(Data entries)
____________________

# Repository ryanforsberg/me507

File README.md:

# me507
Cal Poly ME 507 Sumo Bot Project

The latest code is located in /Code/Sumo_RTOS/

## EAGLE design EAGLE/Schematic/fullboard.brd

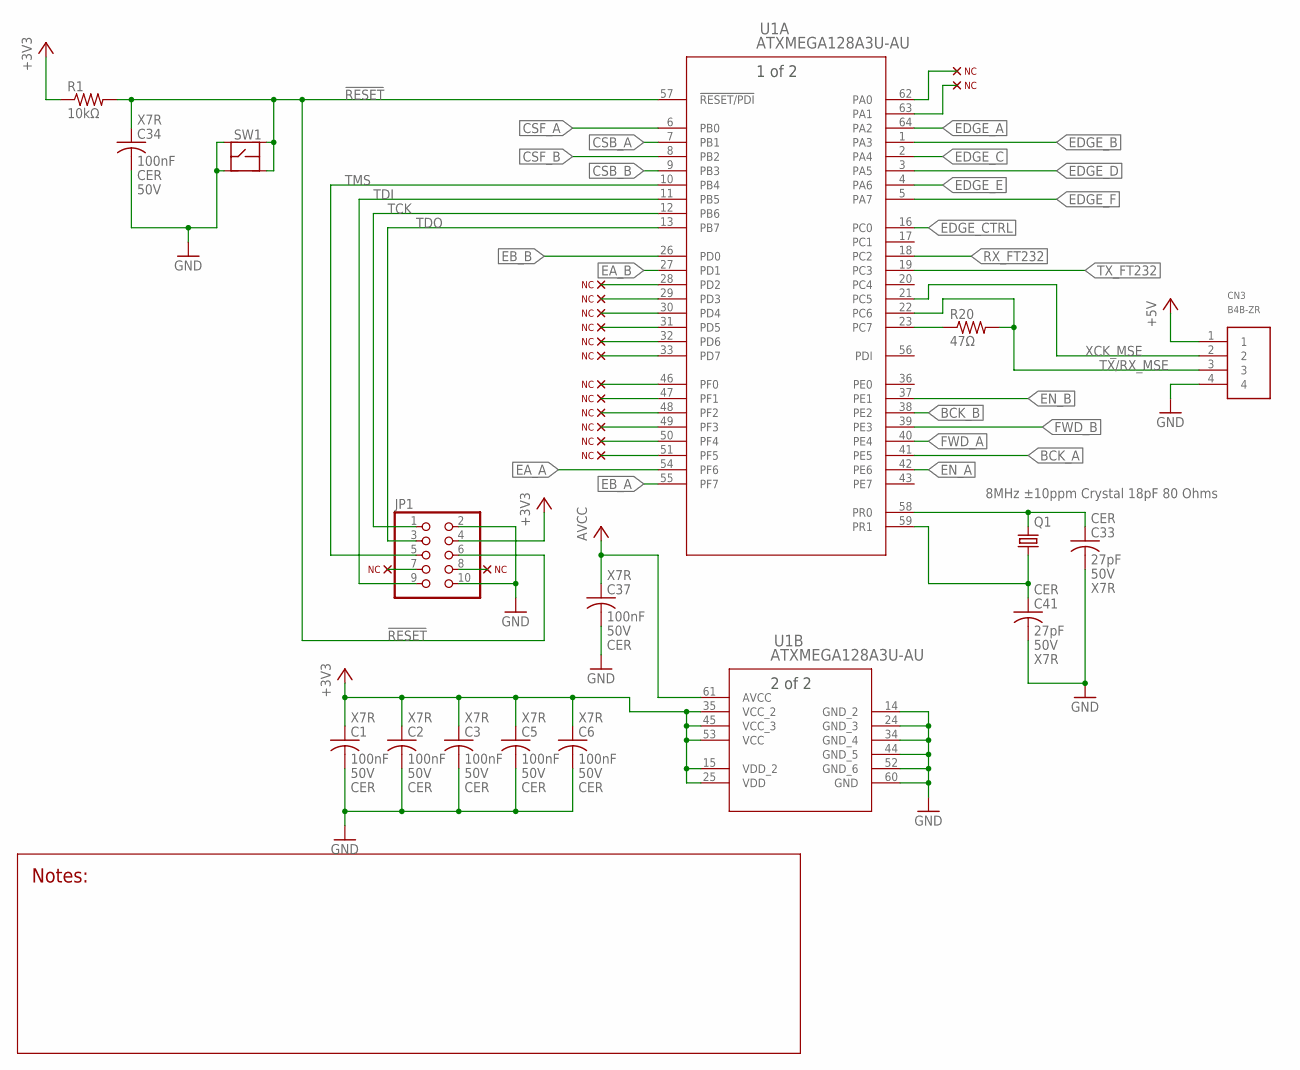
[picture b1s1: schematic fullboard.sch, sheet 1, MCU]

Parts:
C1, C2, C3, C5, C6, C34, C37: 100nF; C0805
C33, C41: 27pF; C0805
CN3: B4B-ZR
JP1: PINHD-2X5; 2X05
Q1: 8MHz ±10ppm Crystal 18pF 80 Ohms; HC49UP
R1: 10kΩ; R0805
R20: 47Ω; R0805
SW1: TR1-SPST; TR1
U1: ATXMEGA128A3U-AU; 64A

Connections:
!RESET: C34.1, JP1.6, R1.2, SW1.3, SW1.4, U1.57 (!RESET/PDI)
+3V3: C1.1, C2.1, C3.1, C5.1, C6.1, JP1.4, R1.1, U1.15 (VDD_2), U1.25 (VDD), U1.35 (VCC_2), U1.45 (VCC_3), U1.53 (VCC); also elsewhere on the board
+5V: CN3.1; also elsewhere on the board
AVCC: C37.1, U1.61 (AVCC); also elsewhere on the board
BCK_A: U1.41 (PE5); also elsewhere on the board
BCK_B: U1.38 (PE2); also elsewhere on the board
CSB_A: U1.7 (PB1); also elsewhere on the board
CSB_B: U1.9 (PB3); also elsewhere on the board
CSF_A: U1.6 (PB0); also elsewhere on the board
CSF_B: U1.8 (PB2); also elsewhere on the board
EA_A: U1.54 (PF6); also elsewhere on the board
EA_B: U1.27 (PD1); also elsewhere on the board
EB_A: U1.55 (PF7); also elsewhere on the board
EB_B: U1.26 (PD0); also elsewhere on the board
EDGE_A: U1.64 (PA2); also elsewhere on the board
EDGE_B: U1.1 (PA3); also elsewhere on the board
EDGE_C: U1.2 (PA4); also elsewhere on the board
EDGE_CTRL: U1.16 (PC0); also elsewhere on the board
EDGE_D: U1.3 (PA5); also elsewhere on the board
EDGE_E: U1.4 (PA6); also elsewhere on the board
EDGE_F: U1.5 (PA7); also elsewhere on the board
EN_A: U1.42 (PE6); also elsewhere on the board
EN_B: U1.37 (PE1); also elsewhere on the board
FWD_A: U1.40 (PE4); also elsewhere on the board
FWD_B: U1.39 (PE3); also elsewhere on the board
GND: C1.2, C2.2, C3.2, C5.2, C6.2, C33.2, C34.2, C37.2, C41.2, CN3.4, JP1.2, JP1.10, SW1.1, SW1.2, U1.14 (GND_2), U1.24 (GND_3), U1.34 (GND_4), U1.44 (GND_5), U1.52 (GND_6), U1.60 (GND); also elsewhere on the board
unnamed: R20.1, U1.23 (PC7)
RX_FT232: U1.18 (PC2); also elsewhere on the board
TCK: JP1.1, U1.12 (PB6)
TDI: JP1.9, U1.11 (PB5)
TDO: JP1.3, U1.13 (PB7)
TMS: JP1.5, U1.10 (PB4)
TX/RX_MSE: CN3.3, R20.2, U1.22 (PC6)
TX_FT232: U1.19 (PC3); also elsewhere on the board
XCK_MSE: CN3.2, U1.21 (PC5)
XTAL1: C41.1, Q1.2, U1.59 (PR1)
XTAL2: C33.1, Q1.1, U1.58 (PR0)

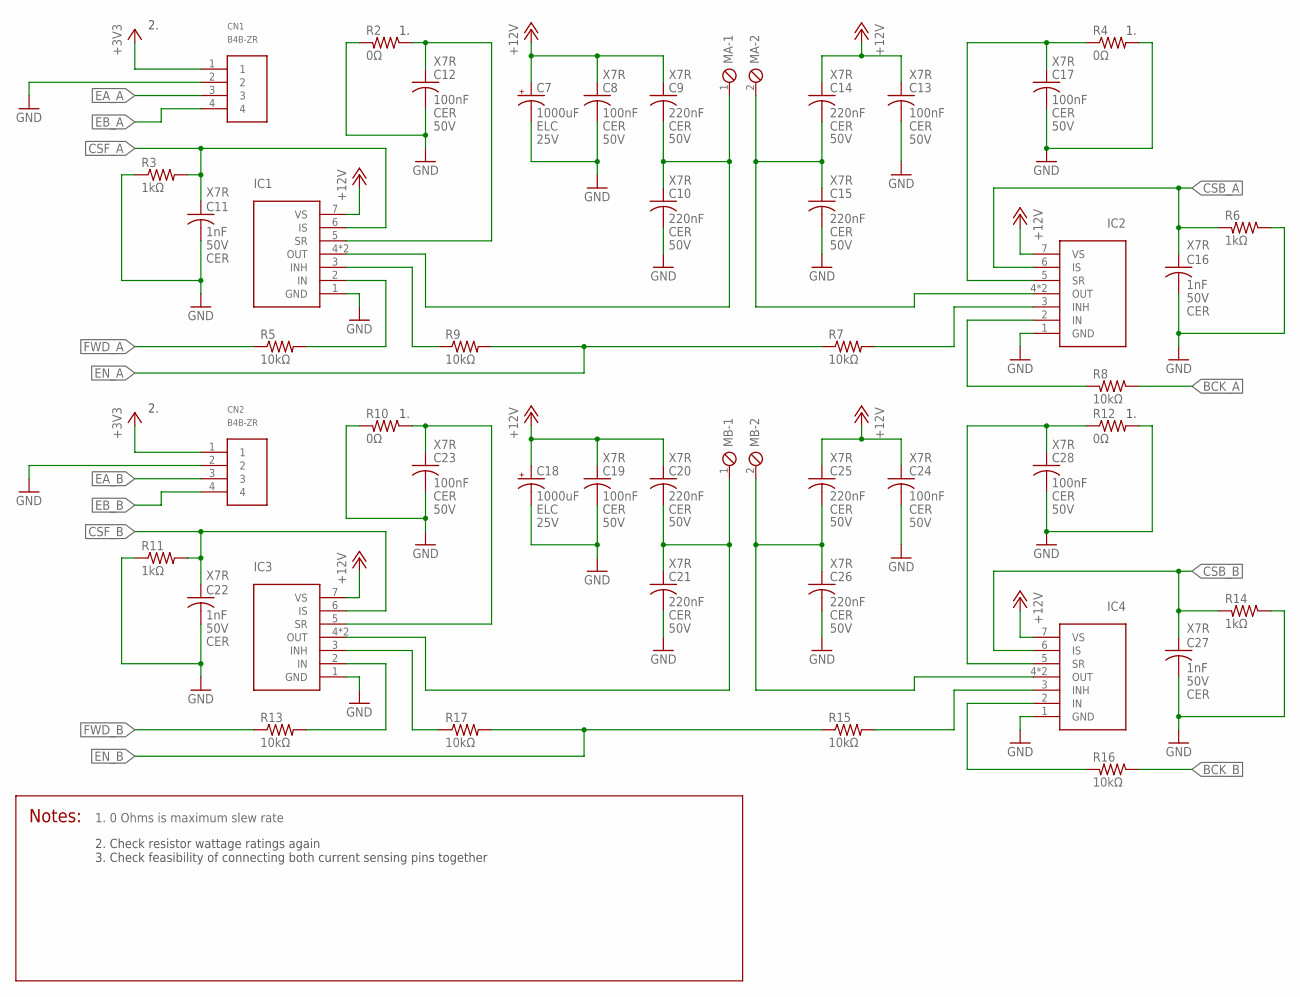
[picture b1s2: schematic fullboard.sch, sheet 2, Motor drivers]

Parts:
C7, C18: 1000uF; E5-10
C8, C12, C13, C17, C19, C23, C24, C28: 100nF; C0805
C9, C10, C14, C15, C20, C21, C25, C26: 220nF; C0805
C11, C16, C22, C27: 1nF; C0805
CN1, CN2: B4B-ZR
IC1, IC2, IC3, IC4: IFX007T; TO127P1500X440-7N
MA: SCREWTERM_2P_508; 2POL508
MB: SCREWTERM_2P_508; 2POL508
R2, R4, R10, R12: 0Ω; R0805
R3, R6, R11, R14: 1kΩ; R0805
R5, R7, R8, R9, R13, R15, R16, R17: 10kΩ; R0805

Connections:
+3V3: CN1.1, CN2.1; also elsewhere on the board
+12V: C7.+, C8.1, C9.1, C13.1, C14.1, C18.+, C19.1, C20.1, C24.1, C25.1, IC1.7 (VS), IC2.7 (VS), IC3.7 (VS), IC4.7 (VS); also elsewhere on the board
BCK_A: R8.1; also elsewhere on the board
BCK_B: R16.1; also elsewhere on the board
CSB_A: C16.1, IC2.6 (IS), R6.2; also elsewhere on the board
CSB_B: C27.1, IC4.6 (IS), R14.2; also elsewhere on the board
CSF_A: C11.1, IC1.6 (IS), R3.2; also elsewhere on the board
CSF_B: C22.1, IC3.6 (IS), R11.2; also elsewhere on the board
EA_A: CN1.3; also elsewhere on the board
EA_B: CN2.3; also elsewhere on the board
EB_A: CN1.4; also elsewhere on the board
EB_B: CN2.4; also elsewhere on the board
EN_A: R7.1, R9.2; also elsewhere on the board
EN_B: R15.1, R17.2; also elsewhere on the board
FWD_A: R5.1; also elsewhere on the board
FWD_B: R13.1; also elsewhere on the board
GND: C7.-, C8.2, C10.2, C11.2, C12.2, C13.2, C15.2, C16.2, C17.2, C18.-, C19.2, C21.2, C22.2, C23.2, C24.2, C26.2, C27.2, C28.2, CN1.2, CN2.2, IC1.1 (GND), IC2.1 (GND), IC3.1 (GND), IC4.1 (GND), R2.2, R3.1, R4.2, R6.1, R10.2, R11.1, R12.2, R14.1; also elsewhere on the board
MA_1: C9.2, C10.1, IC1.4 (OUT), IC1.8 (OUT), MA.1
MA_2: C14.2, C15.1, IC2.4 (OUT), IC2.8 (OUT), MA.2
MB_1: C20.2, C21.1, IC3.4 (OUT), IC3.8 (OUT), MB.1
MB_2: C25.2, C26.1, IC4.4 (OUT), IC4.8 (OUT), MB.2
unnamed: C12.1, IC1.5 (SR), R2.1
unnamed: IC2.3 (INH), R7.2
unnamed: IC2.2 (IN), R8.2
unnamed: C17.1, IC2.5 (SR), R4.1
unnamed: IC1.2 (IN), R5.2
unnamed: C23.1, IC3.5 (SR), R10.1
unnamed: IC4.2 (IN), R16.2
unnamed: IC4.3 (INH), R15.2
unnamed: C28.1, IC4.5 (SR), R12.1
unnamed: IC3.3 (INH), R17.1
unnamed: IC3.2 (IN), R13.2
unnamed: IC1.3 (INH), R9.1

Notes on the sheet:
2. Check resistor wattage ratings again 3. Check feasibility of connecting both current sensing pins together

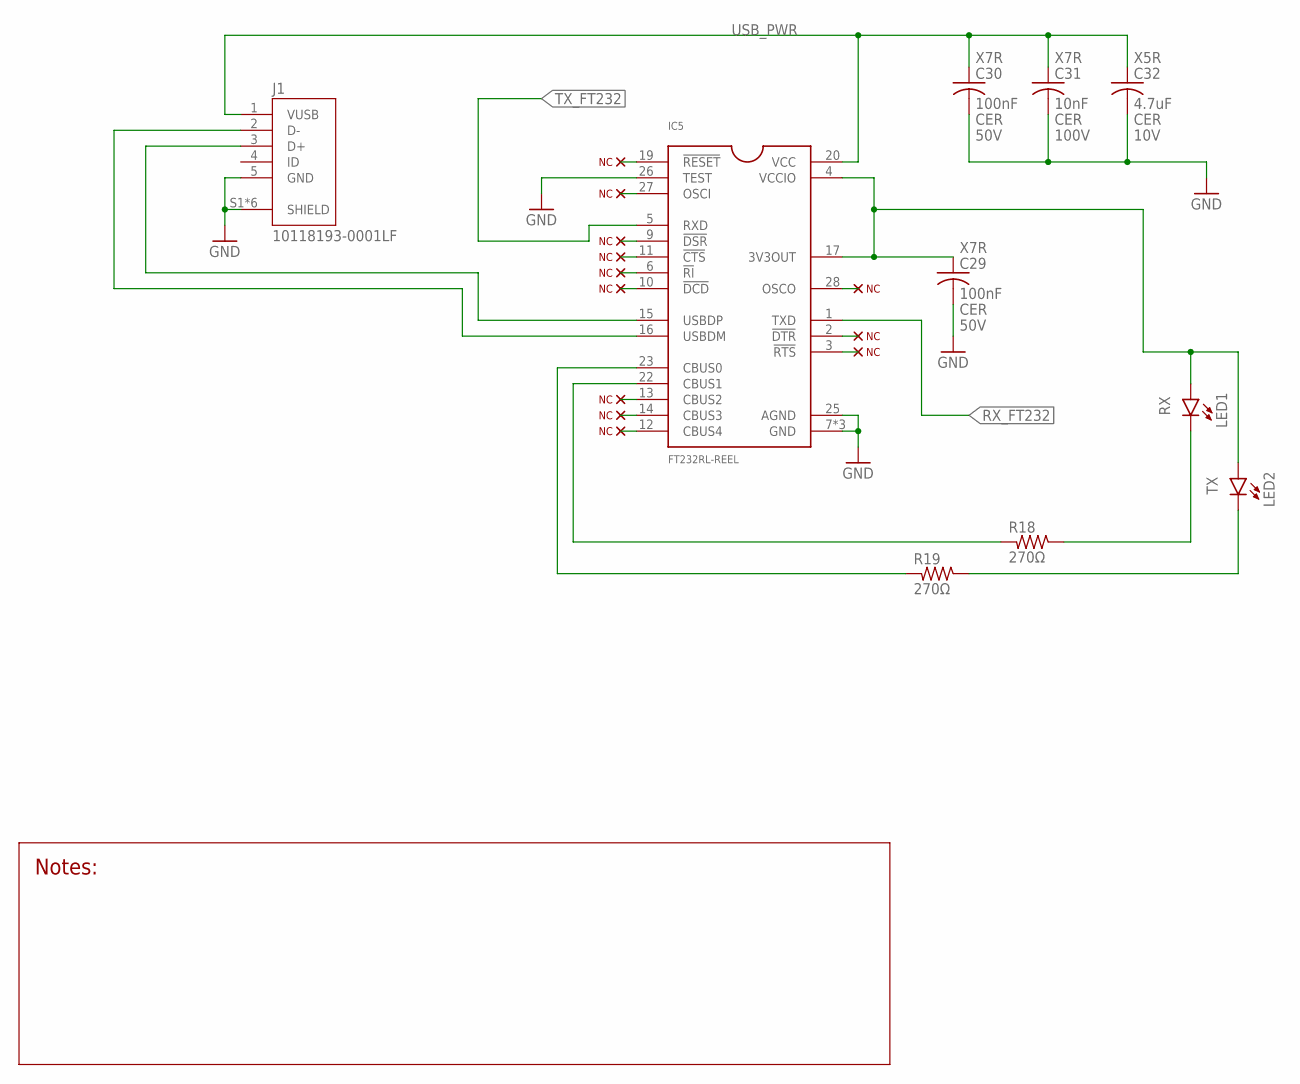
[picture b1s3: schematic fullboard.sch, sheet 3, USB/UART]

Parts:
C29, C30: 100nF; C0805
C31: 10nF; C0805
C32: 4.7uF; C0805
IC5: FT232RL-REEL; SOP65P780X200-28N
J1: 10118193-0001LF; FCI_10118193-0001LF
LED1, LED2: LEDSML0805; SML0805
R18, R19: 270Ω; R0805

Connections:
GND: C29.2, C30.2, C31.2, C32.2, IC5.7 (GND), IC5.18 (GND), IC5.21 (GND), IC5.25 (AGND), IC5.26 (TEST), J1.5 (GND), J1.S1 (SHIELD), J1.S2 (SHIELD), J1.S3 (SHIELD), J1.S4 (SHIELD), J1.S5 (SHIELD), J1.S6 (SHIELD); also elsewhere on the board
unnamed: IC5.16 (USBDM), J1.2 (D-)
unnamed: IC5.15 (USBDP), J1.3 (D+)
unnamed: LED2.C, R19.1
unnamed: IC5.23 (CBUS0), R19.2
unnamed: IC5.22 (CBUS1), R18.2
unnamed: LED1.C, R18.1
RX_FT232: IC5.1 (TXD); also elsewhere on the board
TX_FT232: IC5.5 (RXD); also elsewhere on the board
USB_PWR: C30.1, C31.1, C32.1, IC5.20 (VCC), J1.1 (VUSB)
VCCIO: C29.1, IC5.4 (VCCIO), IC5.17 (3V3OUT), LED1.A, LED2.A

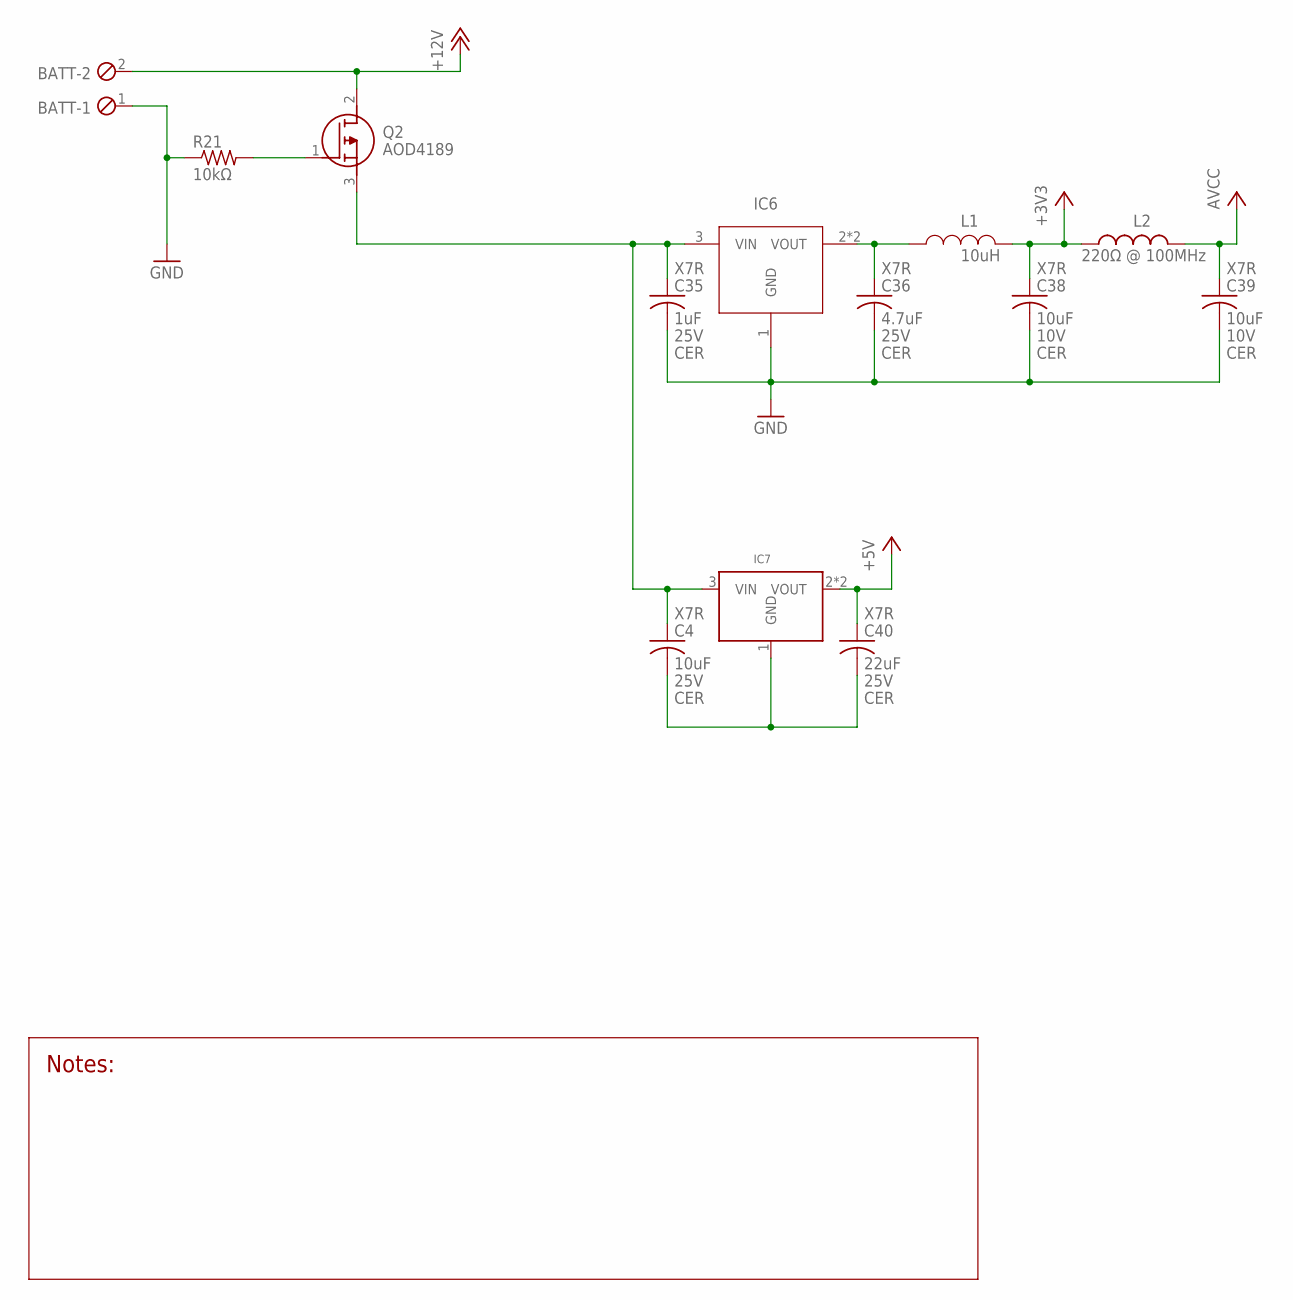
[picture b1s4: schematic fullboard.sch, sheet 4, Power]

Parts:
BATT: SCREWTERM_2P_508; 2POL508
C4, C38, C39: 10uF; C1206
C35: 1uF; C0805
C36: 4.7uF; C1206
C40: 22uF; C1210
IC6: LDL1117S33R; SOT230P700X190-4N
IC7: AZ1117IH; SOT223
L1: RLB0914-100KL; INDRD580W65D870H1300B; RATING 10uH
L2: BLM21PG221SN1D; C0805; RATING 220Ω @ 100MHz
Q2: AOD4189; AOD480
R21: 10kΩ; R0805

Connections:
+3V3: C38.1, L1.1, L2.1; also elsewhere on the board
+5V: C40.1, IC7.2 (VOUT), IC7.4 (VOUT); also elsewhere on the board
+12V: BATT.2, Q2.2 (D); also elsewhere on the board
AVCC: C39.1, L2.2; also elsewhere on the board
GND: BATT.1, C35.2, C36.2, C38.2, C39.2, IC6.1 (GND), R21.1; also elsewhere on the board
unnamed: C4.2, C40.2, IC7.1 (GND)
unnamed: C36.1, IC6.2 (VOUT), IC6.4 (VOUT), L1.2
unnamed: C4.1, C35.1, IC6.3 (VIN), IC7.3 (VIN), Q2.3 (S)
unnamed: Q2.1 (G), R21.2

____________________

_AIM OF THE TASK_
Only one stretch of the data above is needed. Restate it word for word, from the line containing "CSF_B: C22.1, IC3.6" through the line containing "R14.1; also elsewhere on the board", both ends included.

_RESPONSE TO THE TASK_
CSF_B: C22.1, IC3.6 (IS), R11.2; also elsewhere on the board
EA_A: CN1.3; also elsewhere on the board
EA_B: CN2.3; also elsewhere on the board
EB_A: CN1.4; also elsewhere on the board
EB_B: CN2.4; also elsewhere on the board
EN_A: R7.1, R9.2; also elsewhere on the board
EN_B: R15.1, R17.2; also elsewhere on the board
FWD_A: R5.1; also elsewhere on the board
FWD_B: R13.1; also elsewhere on the board
GND: C7.-, C8.2, C10.2, C11.2, C12.2, C13.2, C15.2, C16.2, C17.2, C18.-, C19.2, C21.2, C22.2, C23.2, C24.2, C26.2, C27.2, C28.2, CN1.2, CN2.2, IC1.1 (GND), IC2.1 (GND), IC3.1 (GND), IC4.1 (GND), R2.2, R3.1, R4.2, R6.1, R10.2, R11.1, R12.2, R14.1; also elsewhere on the board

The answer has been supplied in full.